Vitalik talks about encapsulated vs systemic complexity in protocol design and gives many examples where some complexity can be completely black-boxed and presented as a simple API with certain properties. This kind of modularity greatly helps reduce the search space when creating new protocols.

He gives an example that is very dear to my heart, having worked on optimistic BFT protocols at Eigenlayer. Cryptography vs cryptoeconomics:

But while ZK-SNARKs are complex, their complexity is encapsulated complexity. The relatively light complexity of fraud proofs, on the other hand, is systemic. […] For these reasons, even from a complexity perspective purely cryptographic solutions based on ZK-SNARKs are likely to be long-run safer: ZK-SNARKs have are more complicated parts that some people have to think about, but they have fewer dangling caveats that everyone has to think about.

The so-called blockchain modular thesis, in my opinion doesn’t scale for this very reason.

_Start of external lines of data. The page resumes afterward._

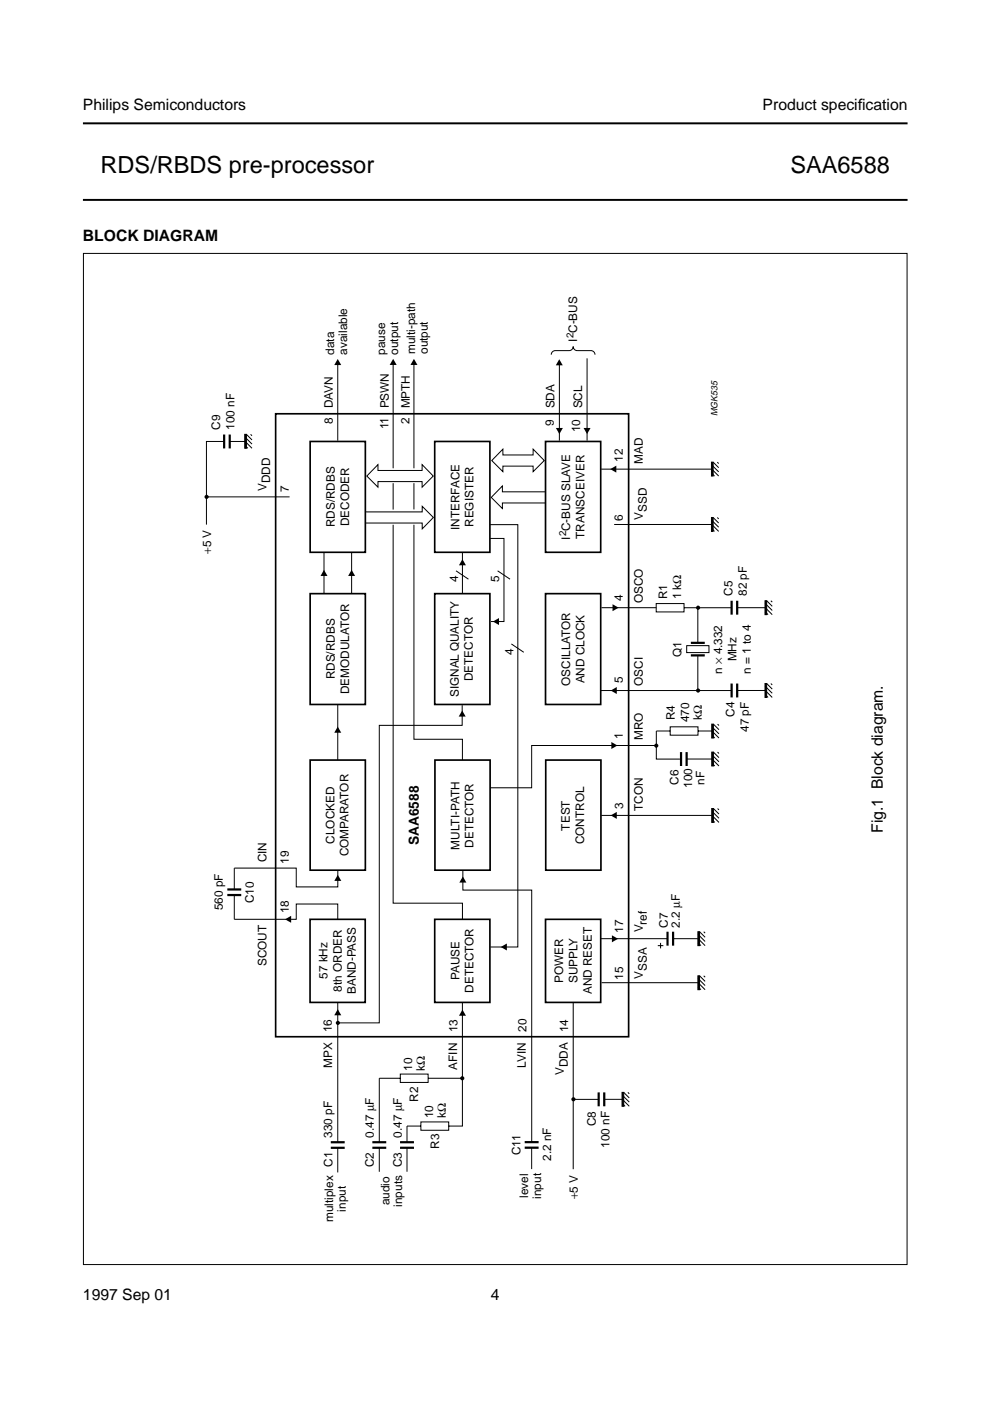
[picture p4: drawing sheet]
<svg xmlns="http://www.w3.org/2000/svg" width="210mm" height="297mm" viewBox="0 0 210 297" stroke-linecap="round" stroke-linejoin="round" font-family="sans-serif">
<path d="M17.6 26.2h174.8M17.6 42.4h174.8" fill="none" stroke="#000" stroke-width=".42"/>
<g fill="#fff">
<path d="M178.8 155.9h13.5z"/>
<path d="M178.7 155v2z"/>
<path d="M17.5 152.1h174.8v7h-174.8z"/>
<circle cx="162.5" cy="152.9" r=".22"/>
<circle cx="162.5" cy="154.7" r=".22"/>
<circle cx="162.5" cy="156.6" r=".22"/>
<circle cx="162.5" cy="158.5" r=".22"/>
<circle cx="47.6" cy="152.9" r=".22"/>
<circle cx="47.6" cy="154.8" r=".22"/>
<circle cx="47.6" cy="156.6" r=".22"/>
<circle cx="47.6" cy="158.5" r=".22"/>
</g>
<g fill="#000">
<path d="M71.6 76.1l.8 1.3h-1.5zM83.4 76.1l.7 1.3h-1.5zM87.8 76.1l.7 1.3h-1.5zM118.6 76.2l.7 1.3h-1.5zM117.9 90.7h1.4l-.7 1.3zM123.7 90.7h1.5l-.7 1.3zM129.4 99.5l1.3-.8v1.5zM98 118.6l.8 1.3h-1.5zM68.7 120.8l.7 1.3h-1.4zM74.6 120.8l.7 1.3h-1.5zM104.5 131.8l1.3-.8v1.5zM129.9 128.1l1.3 .7-1.3 .8z"/>
<path d="M71.6 154.1l.8 1.3h-1.5zM98 150.6l.7 1.3h-1.4zM129.6 157.3l1.3 .8-1.3 .7zM129.5 146.4l1.3-.7v1.4zM129.5 172.9l1.3-.8v1.5zM60.4 194.9l1.3-.7v1.5zM71.6 185.5l.8 1.3h-1.5zM98.1 185.8l.8 1.3h-1.5zM129.7 198.3l1.3 .7-1.3 .8zM71.6 214l.8 1.3h-1.5zM98.1 214.1l.7 1.3h-1.5zM106.2 200.8l1.3-.8v1.5z"/>
<circle cx="43.8" cy="105.3" r=".44"/>
<circle cx="148" cy="128.8" r=".44"/>
<circle cx="139.1" cy="158.1" r=".44"/>
<circle cx="148" cy="146.4" r=".44"/>
<circle cx="71.6" cy="216.9" r=".44"/>
<circle cx="98" cy="228.6" r=".44"/>
<circle cx="121.6" cy="233.1" r=".44"/>
</g>
<g fill="none" stroke="#000" stroke-width=".21">
<path d="M71.6 76.9v16.5M83.4 76.9v22.4M87.8 77v22.3M116.9 75.2a.87 .87 0 0 1 .8-.9h3a.86 .86 0 0 0 .8-.8 .86 .86 0 0 0 .9 .8h2.9a.87 .87 0 0 1 .9 .9M118.6 77v16.4M124.5 76v17.4M47.5 93.6h-3.7v17.6M48.7 93.6h3.3M52 94.5l.5 .5M52 93.6l1.4 1.4M52 92.7l1.4 1.5M52.2 92.1l1.2 1.2"/>
<path d="M53.1 92.1l.3 .3M80.1 98.5v1.2h9.4v-1.2l2.4 2.4-2.4 2.4v-1.2h-9.4v1.2l-2.3-2.4zM106.6 95.2v1.3h6.4v-1.3l2.4 2.4-2.4 2.4v-1.2h-6.4v1.2l-2.3-2.4zM127.5 99.5h23.4M150.9 99.5l1.5 1.4M150.9 98.6l1.5 1.4M151.2 98l1.2 1.2M152.1 98l.3 .3M43.8 105.3h17.6M68.7 117.1v8.7M74.6 117.1v8.7M77.5 108.5h12v-1.1l2.4 2.3-2.4 2.4v-1.2h-12"/>
<path d="M83.4 111.3v80.2h14.7v3.4M83.4 102.4v5.6M87.8 111.3v45.4h10.2v4.4M87.8 102.4v5.6M98 117.1v8.7M103.9 114.2h3v17.6h-2.8M103.9 111.2h5.9v89.6h-5.8M115.6 104.3h-9.1v-1.3l-2.3 2.5 2.3 2.3v-1.2h9.1M130.2 111.2h20.7l1.5 1.5M150.9 100.3l.6 .6M150.9 112.1l.6 .6M150.9 110.3l1.5 1.5"/>
<path d="M151.2 109.7l1.2 1.2M152.1 109.7l.3 .3M96.7 121l2.6 1.8M105.5 121l2.6 1.8M108.4 136.5l2.7 1.8M127.5 128.8h11.7M139.1 128h5.9v1.7h-5.9zM145 128.9h10.1M145.6 136.9h4.7v1.5h-4.7zM148 128.8v7.5M148 139v7.4M156.3 128.8h6l1.4 1.5"/>
<path d="M162.3 129.7l.5 .6M162.3 128l1.4 1.4M162.6 127.4l1.1 1.1M163.4 127.4l.3 .3M71.6 149.4v11.7M98 149.5v4.3h-17.6v63.1h-8.8M127.4 146.4h27.7M139.2 158.1h-26.5v8.9h-8.8M142.1 154.1h5.9v1.8h-5.9zM142.1 155h-2.9v5.9h5.2M148 155h3l1.4 1.5M151 155.9l.6 .6"/>
<path d="M151 154.1l1.4 1.5M151.3 159.5l1.1 1.1M151.3 153.5l1.1 1.2M152.1 159.5l.3 .3M152.1 153.5l.3 .3M156.3 146.4h6l1.4 1.5M162.3 147.3l.5 .6M162.3 145.5l1.4 1.5M162.6 144.9l1.1 1.2M163.4 144.9l.3 .3M127.5 172.9h23.4M145.6 160.9h5.4l1.4 1.5"/>
<path d="M151 161.8l.6 .6M151 160l1.4 1.5M151 173.8l.6 .6M151 172.9l1.4 1.5M151 172l1.4 1.5M151.3 171.4l1.1 1.2M152.1 171.4l.3 .3M49.7 189.8v5.1h13.1v-3.2h8.8v3.2M71.6 184.6v3.4h-8.8v-3.9h-13.1v4.5M98.1 184.6v4.1h14.6v53.4M127.4 199h14.1M140.1 199.9v1.2"/>
<path d="M142.7 199h5.3M148 199.9l.6 .6M148 199l1.5 1.5M148 198.1l1.5 1.5M148.3 197.5l1.2 1.2M149.2 197.5l.3 .3M71.6 212.5v29.7M98 212.5v26.3h-2.9M121.5 212.5v35.4M127.5 208.4h20.5M139.5 200.5h1.1M148 209.2l.6 .6"/>
<path d="M148 208.4l1.5 1.4M148 207.5l1.5 1.5M148.3 206.9l1.2 1.2M149.2 206.9l.3 .3M84.9 227.7h5.9v1.8h-5.9zM84.9 228.6h-4.5v13.6M89.2 237.9h5.9v1.7h-5.9zM89.2 238.8h-2.9v3.4M90.8 228.6h7.2M121.7 233.1h5.2M128.1 233.1h3.8l1.5 1.5M131.9 234l.6 .6"/>
<path d="M131.9 232.2l1.5 1.5M132.2 231.6l1.2 1.2M133.1 231.6l.3 .3M71.6 243.4v5.2M80.4 243.4v5M86.3 243.4v5M112.7 243.3v4.6"/>
</g>
<g fill="none" stroke="#000" stroke-width=".47">
<path d="M47.5 92.1v3M48.7 92.1v3M146.5 136.3h2.9M146.5 139h2.9M155.1 127.4v2.9M156.3 127.4v2.9M144.4 159.5v2.9M145.6 159.5v2.9M155.1 144.9v3M156.3 144.9v3M48.2 189.8h2.9M48.2 188.6h2.9"/>
<path d="M141.5 197.5v3M142.7 197.5v3M126.9 231.6v3M128.1 231.6v3M70.1 243.4h3M70.1 242.2h3M78.9 243.4h3M78.9 242.2h3M84.8 243.4h3M84.8 242.2h3M111.3 243.3h2.9M111.3 242.2h2.9"/>
</g>
<path d="M51.9 92.1h.3v2.9h-.3zM150.8 98h.4v2.9h-.4zM150.8 109.7h.4v3h-.4zM162.2 127.4h.4v2.9h-.4zM150.9 159.5h.4v2.9h-.4zM150.9 153.5h.4v3h-.4zM162.2 144.9h.4v3h-.4zM150.9 171.4h.4v3h-.4zM148 197.5h.3v3h-.3zM148 206.9h.3v2.9h-.3zM131.9 231.6h.3v3h-.3z" fill="#000" stroke="#000" stroke-width=".21"/>
<g fill="none" stroke="#000" stroke-width=".35">
<path d="M58.4 87.7h74.9v132.1h-74.9zM65.8 93.6h11.7v23.5h-11.7zM92.2 93.6h11.7v23.5h-11.7zM115.7 93.6h11.7v23.5h-11.7zM65.8 125.9h11.7v23.5h-11.7zM92.2 125.9h11.7v23.5h-11.7zM115.7 125.9h11.7v23.5h-11.7zM65.8 161.1h11.7v23.4h-11.7zM92.2 161.1h11.7v23.4h-11.7zM115.7 161.1h11.7v23.4h-11.7zM65.7 194.9h11.7v17.6h-11.7zM92.2 194.9h11.7v17.6h-11.7z"/>
<path d="M115.7 194.9h11.7v17.6h-11.7z"/>
</g>
<path d="M184.9 58.6h7.5v204.6h-7.5z" fill-rule="evenodd" fill="#fff"/>
<path d="M17.7 53.7h174.6v214.4h-174.6z" fill="none" stroke="#000" stroke-width=".21"/>
<g font-size="5">
<text x="21.3" y="36.6">RDS/RBDS pre-processor</text>
<text x="167.6" y="36.6">SAA6588</text>
</g>
<g font-size="3.3">
<text x="17.6" y="23.4">Philips Semiconductors</text>
<text x="161.7" y="23.4">Product specif</text>
<text x="181.9" y="23.4">ication</text>
<text x="17.6" y="51.1">BLOCK DIAGRAM</text>
<text x="187.1" y="176.6" transform="rotate(-90 187.1 176.6)">Fig.1 Block diagram.</text>
<text x="17.6" y="275.6">1997 Sep 01</text>
<text x="104.1" y="275.6">4</text>
</g>
<text font-size="2.9" x="88.8" y="179.2" transform="rotate(-90 88.8 179.2)">SAA6588</text>
<g font-size="2.5">
<text x="70.9" y="75.2" transform="rotate(-90 70.9 75.2)">data</text>
<text x="73.6" y="75.2" transform="rotate(-90 73.6 75.2)">available</text>
<text x="81.7" y="75.2" transform="rotate(-90 81.7 75.2)">pause</text>
<text x="84.4" y="75.2" transform="rotate(-90 84.4 75.2)">output</text>
<text x="88" y="75.1" transform="rotate(-90 88 75.1)">multi-path</text>
<text x="90.7" y="75.1" transform="rotate(-90 90.7 75.1)">output</text>
<text x="122.4" y="72.4" transform="rotate(-90 122.4 72.4)">I C-BUS</text>
<text x="70.6" y="86.6" transform="rotate(-90 70.6 86.6)">DAVN</text>
<text x="82.5" y="86.6" transform="rotate(-90 82.5 86.6)">PSWN</text>
<text x="86.8" y="90" transform="rotate(-90 86.8 90)">2</text>
<text x="86.9" y="86.6" transform="rotate(-90 86.9 86.6)">MPTH</text>
<text x="117.6" y="86.6" transform="rotate(-90 117.6 86.6)">SDA</text>
<text x="123.4" y="86.6" transform="rotate(-90 123.4 86.6)">SCL</text>
<text x="46.7" y="91.2" transform="rotate(-90 46.7 91.2)">C9</text>
<text x="49.7" y="91.2" transform="rotate(-90 49.7 91.2)">100 nF</text>
<text x="70.6" y="90" transform="rotate(-90 70.6 90)">8</text>
<text x="82.3" y="91.1" transform="rotate(-90 82.3 91.1)">11</text>
<text x="117.5" y="90.3" transform="rotate(-90 117.5 90.3)">9</text>
<text x="123" y="91.7" transform="rotate(-90 123 91.7)">10</text>
<text x="132" y="97.9" transform="rotate(-90 132 97.9)">12</text>
<text x="136.3" y="98.3" transform="rotate(-90 136.3 98.3)">MAD</text>
<text x="56.5" y="104.1" transform="rotate(-90 56.5 104.1)">V</text>
<text x="57.3" y="102.5" transform="rotate(-90 57.3 102.5)">DDD</text>
<text x="61.3" y="104.3" transform="rotate(-90 61.3 104.3)">7</text>
<text x="71" y="111.8" transform="rotate(-90 71 111.8)">RDS/RDBS</text>
<text x="74" y="111.6" transform="rotate(-90 74 111.6)">DECODER</text>
<text x="97.4" y="112.4" transform="rotate(-90 97.4 112.4)">INTERFACE</text>
<text x="100.4" y="111.7" transform="rotate(-90 100.4 111.7)">REGISTER</text>
<text x="132" y="110.4" transform="rotate(-90 132 110.4)">6</text>
<text x="136.3" y="110.2" transform="rotate(-90 136.3 110.2)">V</text>
<text x="137.1" y="108.6" transform="rotate(-90 137.1 108.6)">SSD</text>
<text x="44.7" y="117.4" transform="rotate(-90 44.7 117.4)">+5 V</text>
<text x="120.9" y="114.4" transform="rotate(-90 120.9 114.4)">I C-BUS SLAVE</text>
<text x="123.9" y="114.2" transform="rotate(-90 123.9 114.2)">TRANSCEIVER</text>
<text x="97.2" y="123.3" transform="rotate(-90 97.2 123.3)">4</text>
<text x="105.8" y="123.3" transform="rotate(-90 105.8 123.3)">5</text>
<text x="132" y="127.5" transform="rotate(-90 132 127.5)">4</text>
<text x="136.3" y="127.9" transform="rotate(-90 136.3 127.9)">OSCO</text>
<text x="141.5" y="127.1" transform="rotate(-90 141.5 127.1)">R1</text>
<text x="144.4" y="127.1" transform="rotate(-90 144.4 127.1)">1 kΩ</text>
<text x="155.3" y="126.3" transform="rotate(-90 155.3 126.3)">C5</text>
<text x="158.3" y="126.3" transform="rotate(-90 158.3 126.3)">82 pF</text>
<text x="108.9" y="139" transform="rotate(-90 108.9 139)">4</text>
<text x="144.5" y="139.3" transform="rotate(-90 144.5 139.3)">Q1</text>
<text x="153.1" y="142.8" transform="rotate(-90 153.1 142.8)">n × 4.332</text>
<text x="156.2" y="140.2" transform="rotate(-90 156.2 140.2)">MHz</text>
<text x="159.2" y="142.9" transform="rotate(-90 159.2 142.9)">n = 1 to 4</text>
<text x="71" y="144.1" transform="rotate(-90 71 144.1)">RDS/RDBS</text>
<text x="74" y="147.2" transform="rotate(-90 74 147.2)">DEMODULATOR</text>
<text x="97.3" y="147.8" transform="rotate(-90 97.3 147.8)">SIGNAL QUALITY</text>
<text x="100.3" y="144.5" transform="rotate(-90 100.3 144.5)">DETECTOR</text>
<text x="120.9" y="145.4" transform="rotate(-90 120.9 145.4)">OSCILLATOR</text>
<text x="123.9" y="144.9" transform="rotate(-90 123.9 144.9)">AND CLOCK</text>
<text x="132" y="144.9" transform="rotate(-90 132 144.9)">5</text>
<text x="136.3" y="145.4" transform="rotate(-90 136.3 145.4)">OSCI</text>
<text x="143.1" y="152.7" transform="rotate(-90 143.1 152.7)">R4</text>
<text x="146.1" y="153.1" transform="rotate(-90 146.1 153.1)">470</text>
<text x="148.8" y="152.6" transform="rotate(-90 148.8 152.6)">k</text>
<text x="148.8" y="151.4" transform="rotate(-90 148.8 151.4)">Ω</text>
<text x="155.7" y="152" transform="rotate(-90 155.7 152)">C4</text>
<text x="158.7" y="155.2" transform="rotate(-90 158.7 155.2)">47 pF</text>
<text x="132" y="156.7" transform="rotate(-90 132 156.7)">1</text>
<text x="136.3" y="156.9" transform="rotate(-90 136.3 156.9)">MRO</text>
<text x="143.8" y="166.4" transform="rotate(-90 143.8 166.4)">C6</text>
<text x="146.7" y="167" transform="rotate(-90 146.7 167)">100</text>
<text x="149.3" y="166.4" transform="rotate(-90 149.3 166.4)">nF</text>
<text x="132.1" y="171.4" transform="rotate(-90 132.1 171.4)">3</text>
<text x="136.3" y="171.9" transform="rotate(-90 136.3 171.9)">TCON</text>
<text x="70.9" y="178.9" transform="rotate(-90 70.9 178.9)">CLOCKED</text>
<text x="100.4" y="179.7" transform="rotate(-90 100.4 179.7)">DETECTOR</text>
<text x="120.8" y="176.1" transform="rotate(-90 120.8 176.1)">TEST</text>
<text x="123.8" y="179" transform="rotate(-90 123.8 179)">CONTROL</text>
<text x="56.5" y="182.8" transform="rotate(-90 56.5 182.8)">CIN</text>
<text x="61.3" y="183.1" transform="rotate(-90 61.3 183.1)">19</text>
<text x="73.9" y="181.6" transform="rotate(-90 73.9 181.6)">COMPARATOR</text>
<text x="97.4" y="180.1" transform="rotate(-90 97.4 180.1)">MULTI-PATH</text>
<text x="53.8" y="191.6" transform="rotate(-90 53.8 191.6)">C10</text>
<text x="47.3" y="193" transform="rotate(-90 47.3 193)">560 pF</text>
<text x="61.3" y="193.6" transform="rotate(-90 61.3 193.6)">18</text>
<text x="132.1" y="197.8" transform="rotate(-90 132.1 197.8)">17</text>
<text x="136.3" y="197.7" transform="rotate(-90 136.3 197.7)">V</text>
<text x="137.1" y="196" transform="rotate(-90 137.1 196)">ref</text>
<text x="141.6" y="196.7" transform="rotate(-90 141.6 196.7)">C7</text>
<text x="144.2" y="196.7" transform="rotate(-90 144.2 196.7)">2.2 µF</text>
<text x="56.5" y="204.9" transform="rotate(-90 56.5 204.9)">SCOUT</text>
<text x="69.4" y="207.5" transform="rotate(-90 69.4 207.5)">57 kHz</text>
<text x="97.4" y="207.8" transform="rotate(-90 97.4 207.8)">PAUSE</text>
<text x="119.4" y="208.4" transform="rotate(-90 119.4 208.4)">POWER</text>
<text x="122.4" y="208.5" transform="rotate(-90 122.4 208.5)">SUPPLY</text>
<text x="132.1" y="207.7" transform="rotate(-90 132.1 207.7)">15</text>
<text x="136.3" y="207.5" transform="rotate(-90 136.3 207.5)">V</text>
<text x="137.1" y="205.8" transform="rotate(-90 137.1 205.8)">SSA</text>
<text x="72.4" y="210.2" transform="rotate(-90 72.4 210.2)">8th ORDER</text>
<text x="75.5" y="210.8" transform="rotate(-90 75.5 210.8)">BAND-PASS</text>
<text x="100.4" y="210.5" transform="rotate(-90 100.4 210.5)">DETECTOR</text>
<text x="125.5" y="210.8" transform="rotate(-90 125.5 210.8)">AND RESET</text>
<text x="70.3" y="218.9" transform="rotate(-90 70.3 218.9)">16</text>
<text x="97" y="218.9" transform="rotate(-90 97 218.9)">13</text>
<text x="111.6" y="218.7" transform="rotate(-90 111.6 218.7)">20</text>
<text x="120.4" y="218.9" transform="rotate(-90 120.4 218.9)">14</text>
<text x="70.5" y="226.5" transform="rotate(-90 70.5 226.5)">MPX</text>
<text x="87.4" y="227" transform="rotate(-90 87.4 227)">10</text>
<text x="90.1" y="227" transform="rotate(-90 90.1 227)">kΩ</text>
<text x="96.9" y="226.8" transform="rotate(-90 96.9 226.8)">AFIN</text>
<text x="111.5" y="226.4" transform="rotate(-90 111.5 226.4)">LVIN</text>
<text x="119.6" y="228" transform="rotate(-90 119.6 228)">V</text>
<text x="120.4" y="226.3" transform="rotate(-90 120.4 226.3)">DDA</text>
<text x="88.6" y="233.5" transform="rotate(-90 88.6 233.5)">R2</text>
<text x="91.8" y="237.1" transform="rotate(-90 91.8 237.1)">10</text>
<text x="94.5" y="237.1" transform="rotate(-90 94.5 237.1)">kΩ</text>
<text x="126.3" y="238.8" transform="rotate(-90 126.3 238.8)">C8</text>
<text x="70.4" y="241.2" transform="rotate(-90 70.4 241.2)">330 pF</text>
<text x="79.3" y="241.2" transform="rotate(-90 79.3 241.2)">0.47 µF</text>
<text x="85.2" y="241.2" transform="rotate(-90 85.2 241.2)">0.47 µF</text>
<text x="93.1" y="243.5" transform="rotate(-90 93.1 243.5)">R3</text>
<text x="110.3" y="245" transform="rotate(-90 110.3 245)">C11</text>
<text x="129.2" y="243.4" transform="rotate(-90 129.2 243.4)">100 nF</text>
<text x="70.5" y="247.4" transform="rotate(-90 70.5 247.4)">C1</text>
<text x="79.3" y="247.5" transform="rotate(-90 79.3 247.5)">C2</text>
<text x="116.9" y="246.1" transform="rotate(-90 116.9 246.1)">2.2 nF</text>
<text x="73.3" y="256.9" transform="rotate(-90 73.3 256.9)">input</text>
<text x="82.6" y="255.6" transform="rotate(-90 82.6 255.6)">audio</text>
<text x="85.3" y="255.9" transform="rotate(-90 85.3 255.9)">inputs C3</text>
<text x="112" y="254" transform="rotate(-90 112 254)">level</text>
<text x="114.7" y="254.1" transform="rotate(-90 114.7 254.1)">input</text>
<text x="122.5" y="254.3" transform="rotate(-90 122.5 254.3)">+5 V</text>
<text x="70.6" y="259.1" transform="rotate(-90 70.6 259.1)">multiplex</text>
</g>
<g font-size="2.1">
<text x="121.6" y="71.8" transform="rotate(-90 121.6 71.8)">2</text>
<text x="120.1" y="113.7" transform="rotate(-90 120.1 113.7)">2</text>
</g>
<text font-size="1.9" x="152.1" y="88.3" transform="rotate(-90 152.1 88.3)">MGK535</text>
</svg>

Stripe completely hides the complexity of payment processing behind a simple REST API. BFT “layers”, on the other hand, cannot do so, and force anyone integrating with them to understand their entire system in order to guarantee byzantine resistance. That is, byzantine resistance using optimistic/fraud proof based methods, require GLOBAL thinking.

Optimization

This one is not so much about modularity but more so about GLOBAL vs LOCAL optimization, which seemed related enough to include.

Dynamic programming’s “optimal substructure” property effectively allows breaking a global search problem into “modular” subproblems.

Most search problems don’t have this kind of nice “modular” structure however. Nonconvex optimization, for example, is NP-hard. Nevertheless, interestingly, we can very often apply heuristic/greedy algorithms to get very reasonable solutions.

That is, we can do well without searching the entire GLOBAL space.